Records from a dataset
···

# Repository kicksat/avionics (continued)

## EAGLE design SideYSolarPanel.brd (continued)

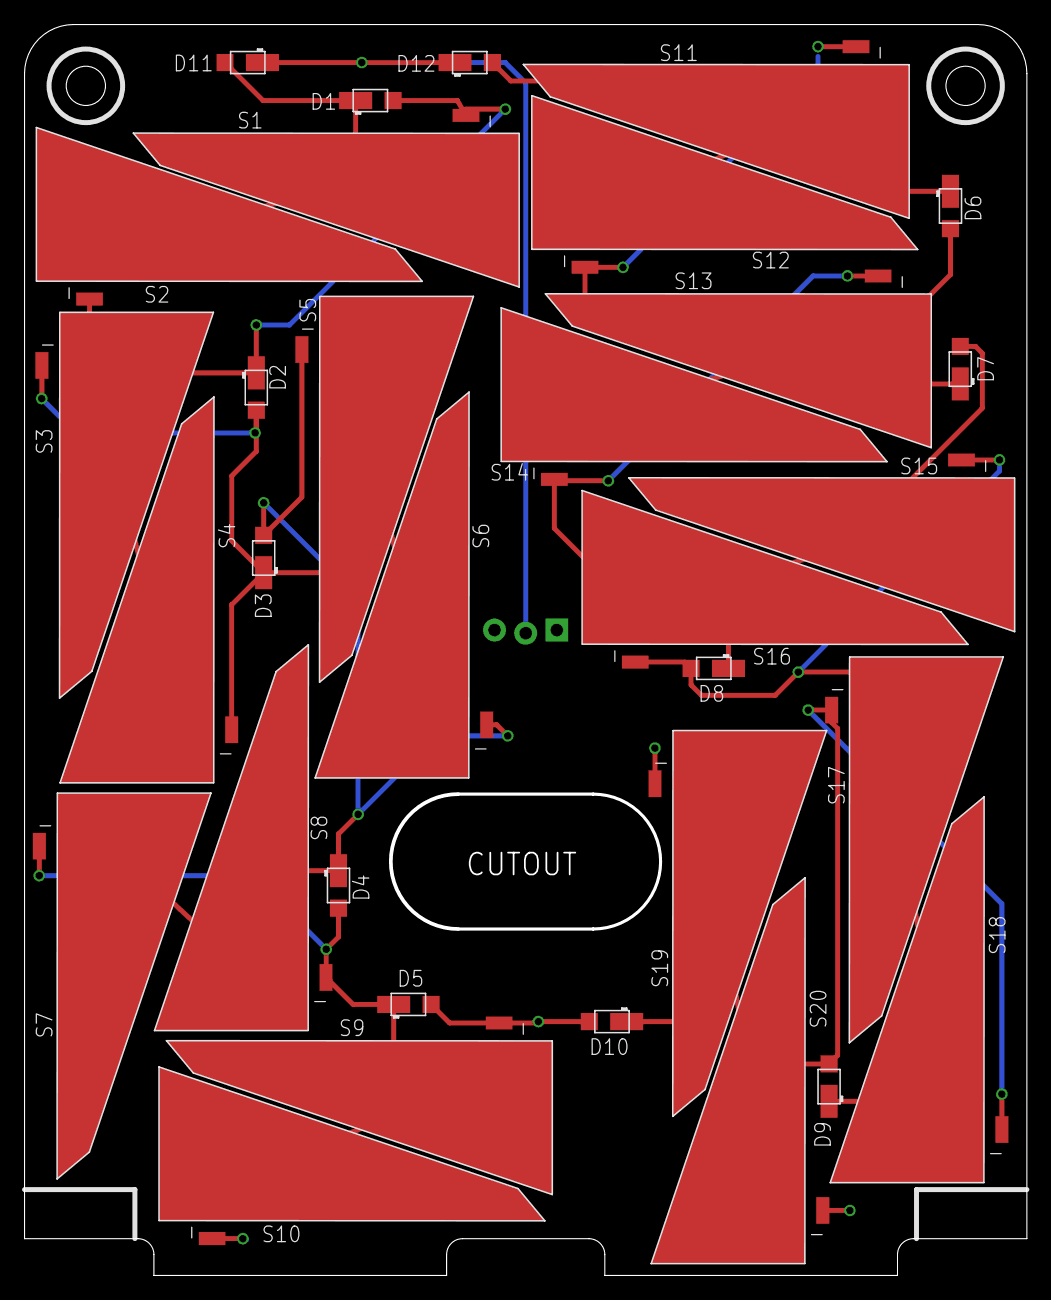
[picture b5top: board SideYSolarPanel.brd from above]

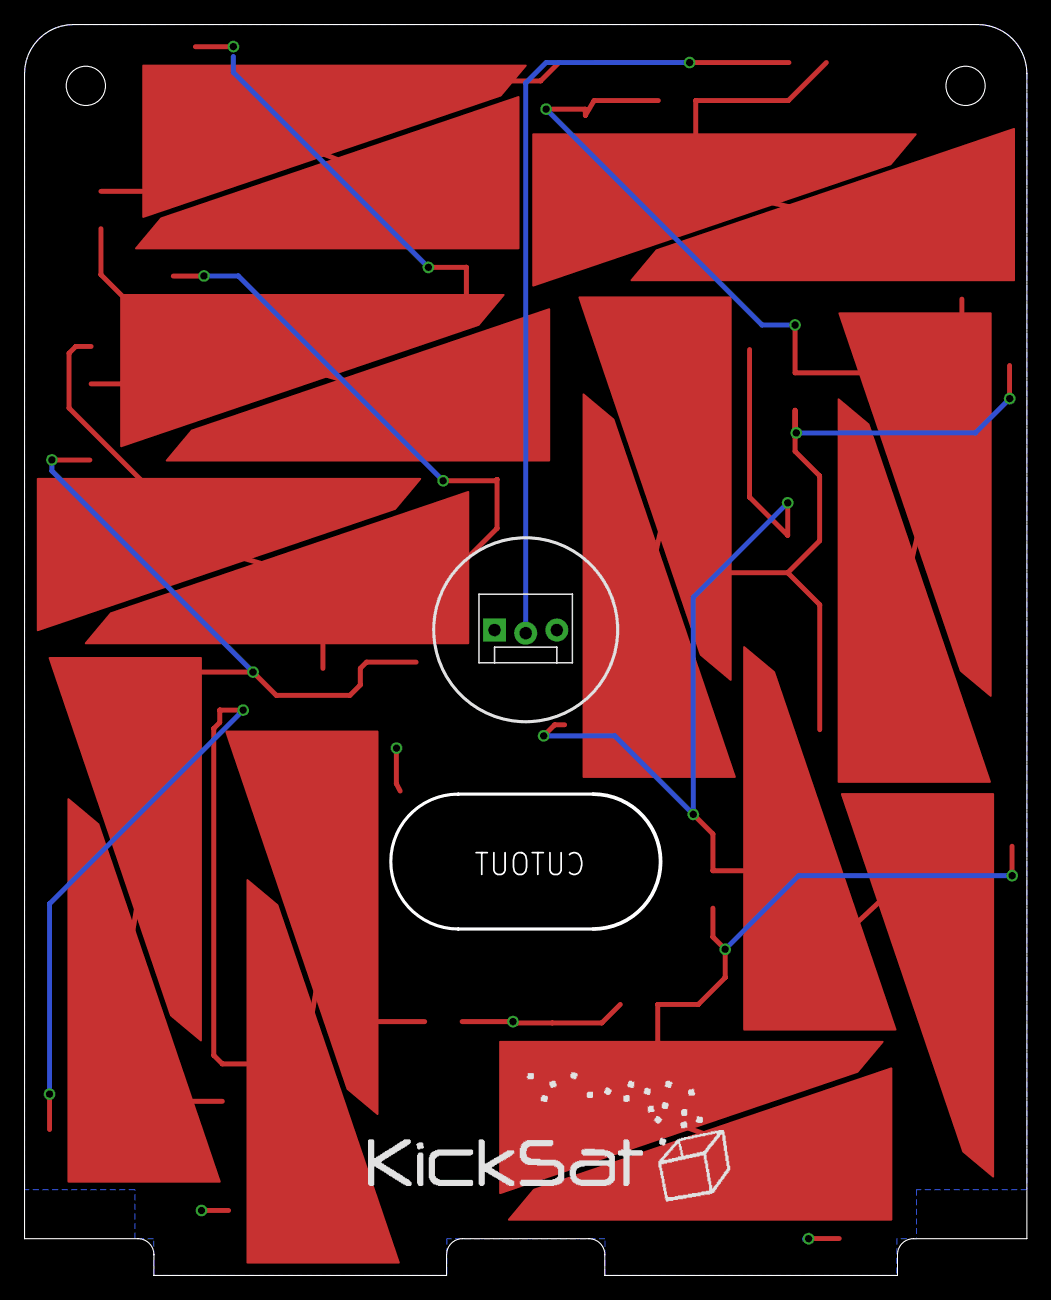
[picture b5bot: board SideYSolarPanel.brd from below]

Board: 2 copper layers, 81.7 x 102.0 mm, 35 parts (2 on the bottom side), 12 nets.

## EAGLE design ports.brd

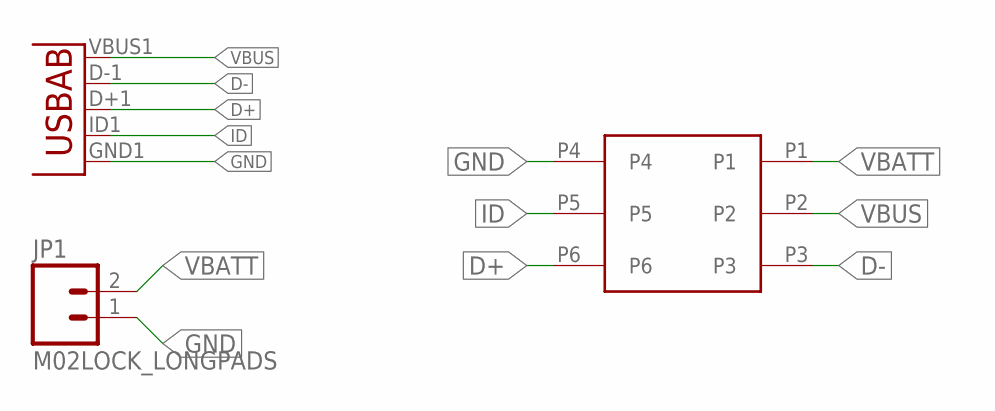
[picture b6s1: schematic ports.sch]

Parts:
JP1: M02LOCK_LONGPADS; 1X02_LOCK_LONGPADS
U$1: G125-FV20605L0P
U$4: USB-AB""; USB-AB-MICRO-SMD_V02_BOSS

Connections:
D+: U$1.P6, U$4.D+1 (D+)
D-: U$1.P3, U$4.D-1 (D-)
GND: JP1.1, U$1.P4, U$4.GND1 (GND)
ID: U$1.P5, U$4.ID1 (USBID)
VBATT: JP1.2, U$1.P1
VBUS: U$1.P2, U$4.VBUS1 (VBUS)

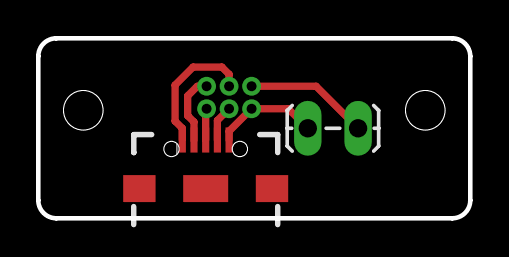
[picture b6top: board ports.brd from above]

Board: 2 copper layers, 24.0 x 10.0 mm, 3 parts (1 on the bottom side), 6 nets.

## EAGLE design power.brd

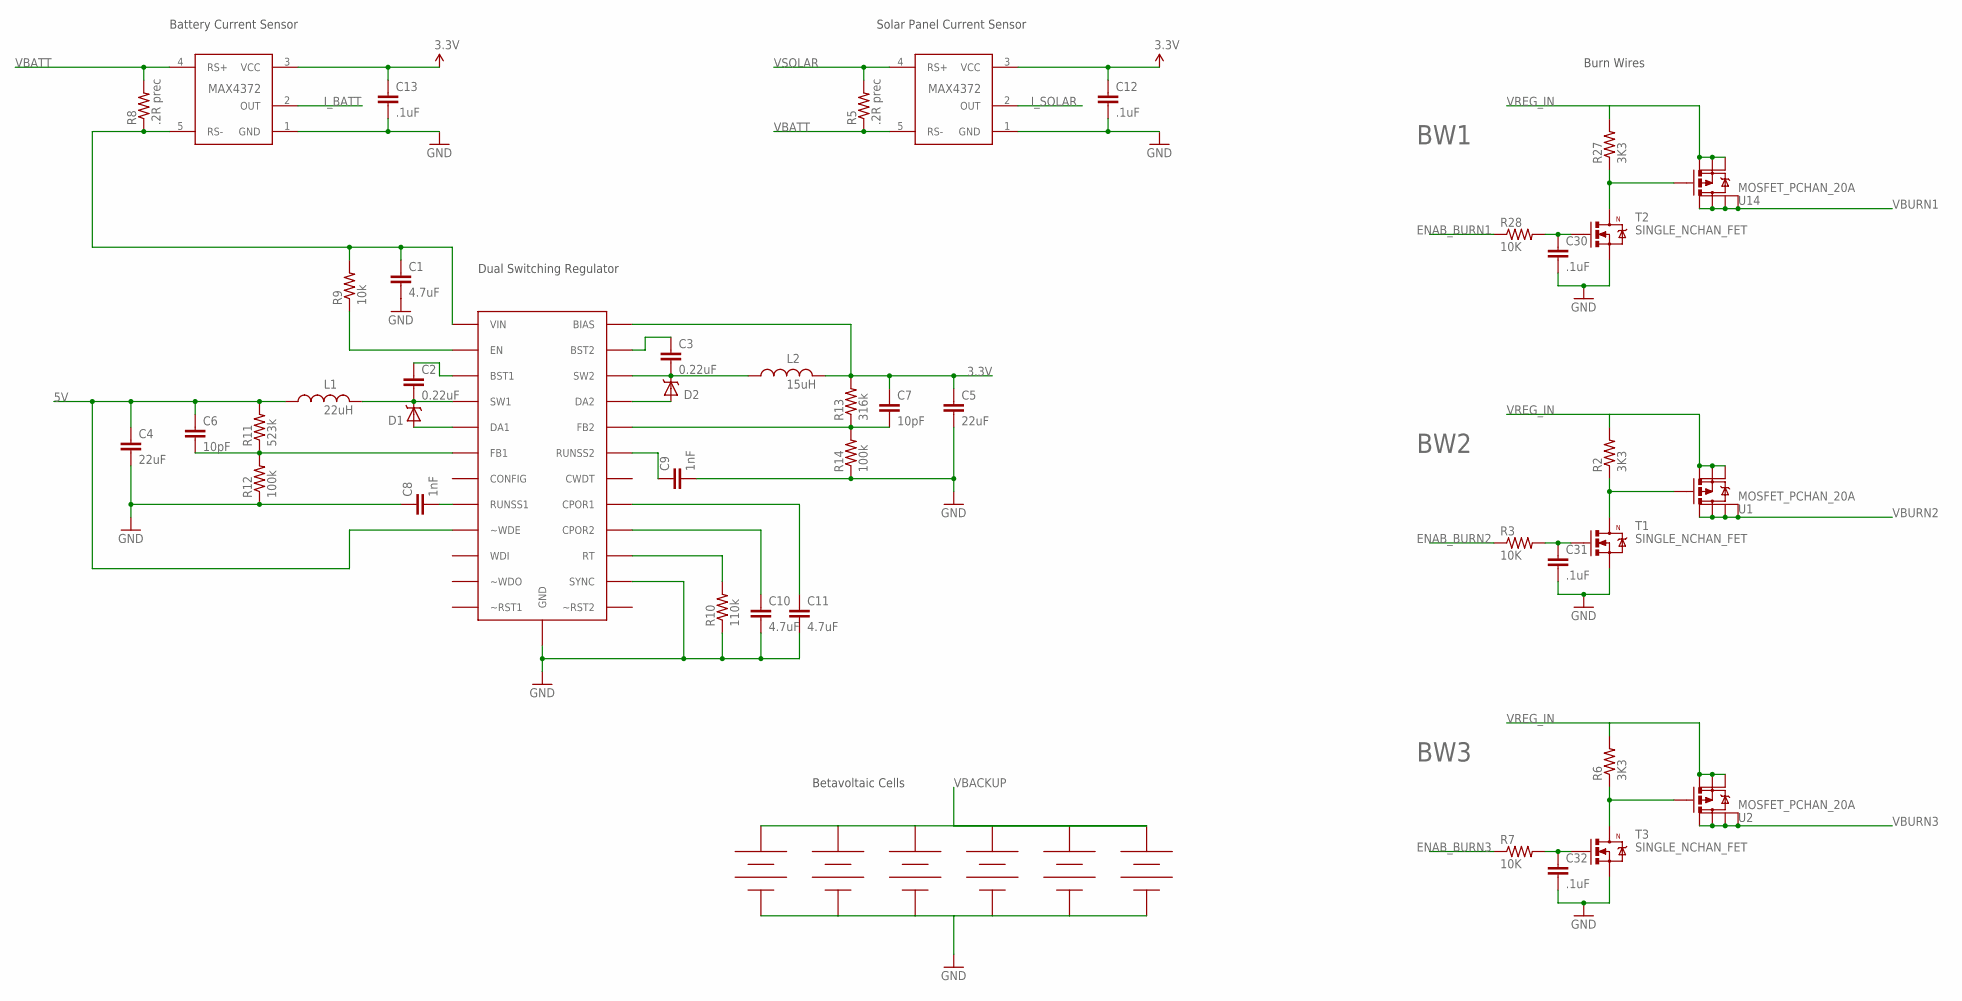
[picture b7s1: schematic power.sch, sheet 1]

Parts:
C1, C10, C11: 4.7uF; 0805
C2, C3: 0.22uF; 0805
C4, C5: 22uF; 1210
C6, C7: 10pF; 0805
C8, C9: 1nF; 0805
C12, C13, C30, C31, C32: .1uF; 0805
D1, D2: BAT20J; SOD-323
L1, L2: SLF10145
R2, R6, R27: 3K3; 0805
R3, R7, R28: 10K; 0805
R5, R8: .2R prec; 0805
R9: 10k; 0805
R10: 110k; 0805
R11: 523k; 0805
R12, R14: 100k; 0805
R13: 316k; 0805
T1, T2, T3: SINGLE_NCHAN_FET; SOT23-3
U1, U2, U14: MOSFET_PCHAN_20A; SO8
U$7, U$8, U$9, U$10, U$11, U$12: BETABATTERY
U$13: LT3688; LT3688TSSOP
U$14, U$15: CURRENT_MAX4372; SOT23-5

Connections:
3.3V: C5.1, C7.1, C12.1, C13.1, L2.P2, R13.2, U$13.BIAS, U$14.3 (VCC), U$15.3 (VCC); also elsewhere on the board
5V: C4.1, C6.1, L1.P1, R11.2, U$13.WDE (~WDE); also elsewhere on the board
ENAB_BURN1: R28.1
ENAB_BURN2: R3.1
ENAB_BURN3: R7.1
GND: C1.2, C4.2, C5.2, C8.1, C9.2, C10.2, C11.2, C12.2, C13.2, C30.2, C31.2, C32.2, R10.1, R12.1, R14.1, T1.2 (S), T2.2 (S), T3.2 (S), U$7.V-, U$8.V-, U$9.V-, U$10.V-, U$11.V-, U$12.V-, U$13.GND, U$13.SYNC, U$14.1 (GND), U$15.1 (GND); also elsewhere on the board
I_BATT: U$15.2 (OUT)
I_SOLAR: U$14.2 (OUT)
unnamed: C31.1, R3.2, T1.1 (G)
unnamed: R2.1, T1.3 (D), U1.4 (G)
unnamed: C32.1, R7.2, T3.1 (G)
unnamed: R6.1, T3.3 (D), U2.4 (G)
unnamed: R9.1, U$13.EN
unnamed: C9.1, U$13.RUNSS2
unnamed: C2.1, U$13.BST1
unnamed: C2.2, D1.C, L1.P2, U$13.SW1
unnamed: C3.1, U$13.BST2
unnamed: C6.2, R11.1, R12.2, U$13.FB1
unnamed: C8.2, U$13.RUNSS1
unnamed: C7.2, R13.1, R14.2, U$13.FB2
unnamed: C3.2, D2.C, L2.P1, U$13.SW2
unnamed: D1.A, U$13.DA1
unnamed: D2.A, U$13.DA2
unnamed: R10.2, U$13.RT
unnamed: C10.1, U$13.CPOR2
unnamed: C30.1, R28.2, T2.1 (G)
unnamed: C11.1, U$13.CPOR1
unnamed: R27.1, T2.3 (D), U14.4 (G)
VBACKUP: U$7.V+, U$8.V+, U$9.V+, U$10.V+, U$11.V+, U$12.V+; also elsewhere on the board
VBATT: R5.1, R8.2, U$14.5 (RS-), U$15.4 (RS+)
VBURN1: U14.5 (D), U14.6 (D), U14.7 (D), U14.8 (D); also elsewhere on the board
VBURN2: U1.5 (D), U1.6 (D), U1.7 (D), U1.8 (D); also elsewhere on the board
VBURN3: U2.5 (D), U2.6 (D), U2.7 (D), U2.8 (D); also elsewhere on the board
VREG_IN: C1.1, R2.2, R6.2, R8.1, R9.2, R27.2, U1.1 (S), U1.2 (S), U1.3 (S), U2.1 (S), U2.2 (S), U2.3 (S), U14.1 (S), U14.2 (S), U14.3 (S), U$13.VIN, U$15.5 (RS-); also elsewhere on the board
VSOLAR: R5.2, U$14.4 (RS+); also elsewhere on the board

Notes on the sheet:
BW1
BW2
BW3
22uH
15uH
Dual Switching Regulator
Betavoltaic Cells
Burn Wires
Solar Panel Current Sensor
Battery Current Sensor

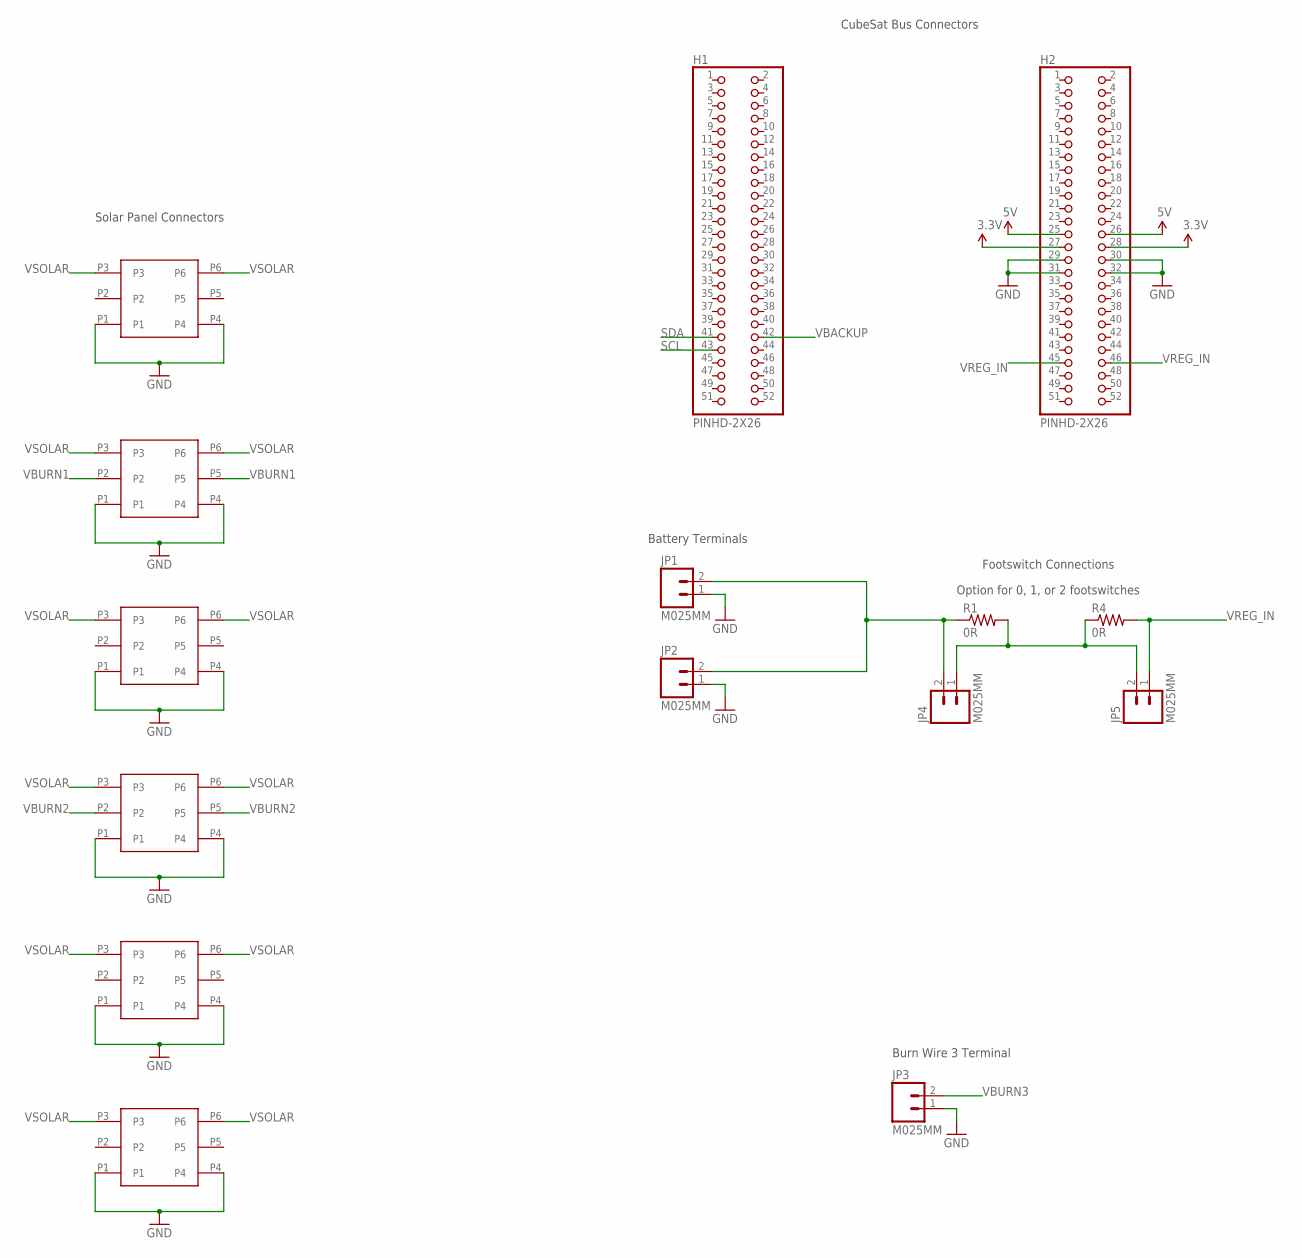
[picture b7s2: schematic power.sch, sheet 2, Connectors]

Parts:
H1, H2: PINHD-2X26; 2X26
JP1, JP2, JP3, JP4, JP5: M025MM; SCREWTERMINAL-5MM-2
R1, R4: 0R; R1210
U$1, U$2, U$3, U$4, U$5, U$6: G125-FV20605L0P

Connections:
3.3V: H2.27, H2.28; also elsewhere on the board
5V: H2.25, H2.26; also elsewhere on the board
BATT_INPUT: JP1.2, JP2.2, JP4.2, R1.1
GND: H2.29, H2.30, H2.31, H2.32, JP1.1, JP2.1, JP3.1, U$1.P1, U$1.P4, U$2.P1, U$2.P4, U$3.P1, U$3.P4, U$4.P1, U$4.P4, U$5.P1, U$5.P4, U$6.P1, U$6.P4; also elsewhere on the board
unnamed: JP4.1, JP5.2, R1.2, R4.1
SCL: H1.43
SDA: H1.41
VBACKUP: H1.42; also elsewhere on the board
VBURN1: U$6.P2, U$6.P5; also elsewhere on the board
VBURN2: U$1.P2, U$1.P5; also elsewhere on the board
VBURN3: JP3.2; also elsewhere on the board
VREG_IN: H2.45, H2.46, JP5.1, R4.2; also elsewhere on the board
VSOLAR: U$1.P3, U$1.P6, U$2.P3, U$2.P6, U$3.P3, U$3.P6, U$4.P3, U$4.P6, U$5.P3, U$5.P6, U$6.P3, U$6.P6; also elsewhere on the board

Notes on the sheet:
Footswitch Connections
Option for 0, 1, or 2 footswitches
Solar Panel Connectors
CubeSat Bus Connectors
Battery Terminals
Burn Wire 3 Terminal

···

Problem to solve: From the entries above, extract only the lines running from the one containing "VBACKUP: U$7.V+, U$8.V+, U$9.V+, U$10.V+, U$11.V+, U$12.V+;" through the one containing "VREG_IN: C1.1, R2.2, R6.2, R8.1, R9.2, R27.2, U1.1", inclusive.

Problem solution:
VBACKUP: U$7.V+, U$8.V+, U$9.V+, U$10.V+, U$11.V+, U$12.V+; also elsewhere on the board
VBATT: R5.1, R8.2, U$14.5 (RS-), U$15.4 (RS+)
VBURN1: U14.5 (D), U14.6 (D), U14.7 (D), U14.8 (D); also elsewhere on the board
VBURN2: U1.5 (D), U1.6 (D), U1.7 (D), U1.8 (D); also elsewhere on the board
VBURN3: U2.5 (D), U2.6 (D), U2.7 (D), U2.8 (D); also elsewhere on the board
VREG_IN: C1.1, R2.2, R6.2, R8.1, R9.2, R27.2, U1.1 (S), U1.2 (S), U1.3 (S), U2.1 (S), U2.2 (S), U2.3 (S), U14.1 (S), U14.2 (S), U14.3 (S), U$13.VIN, U$15.5 (RS-); also elsewhere on the board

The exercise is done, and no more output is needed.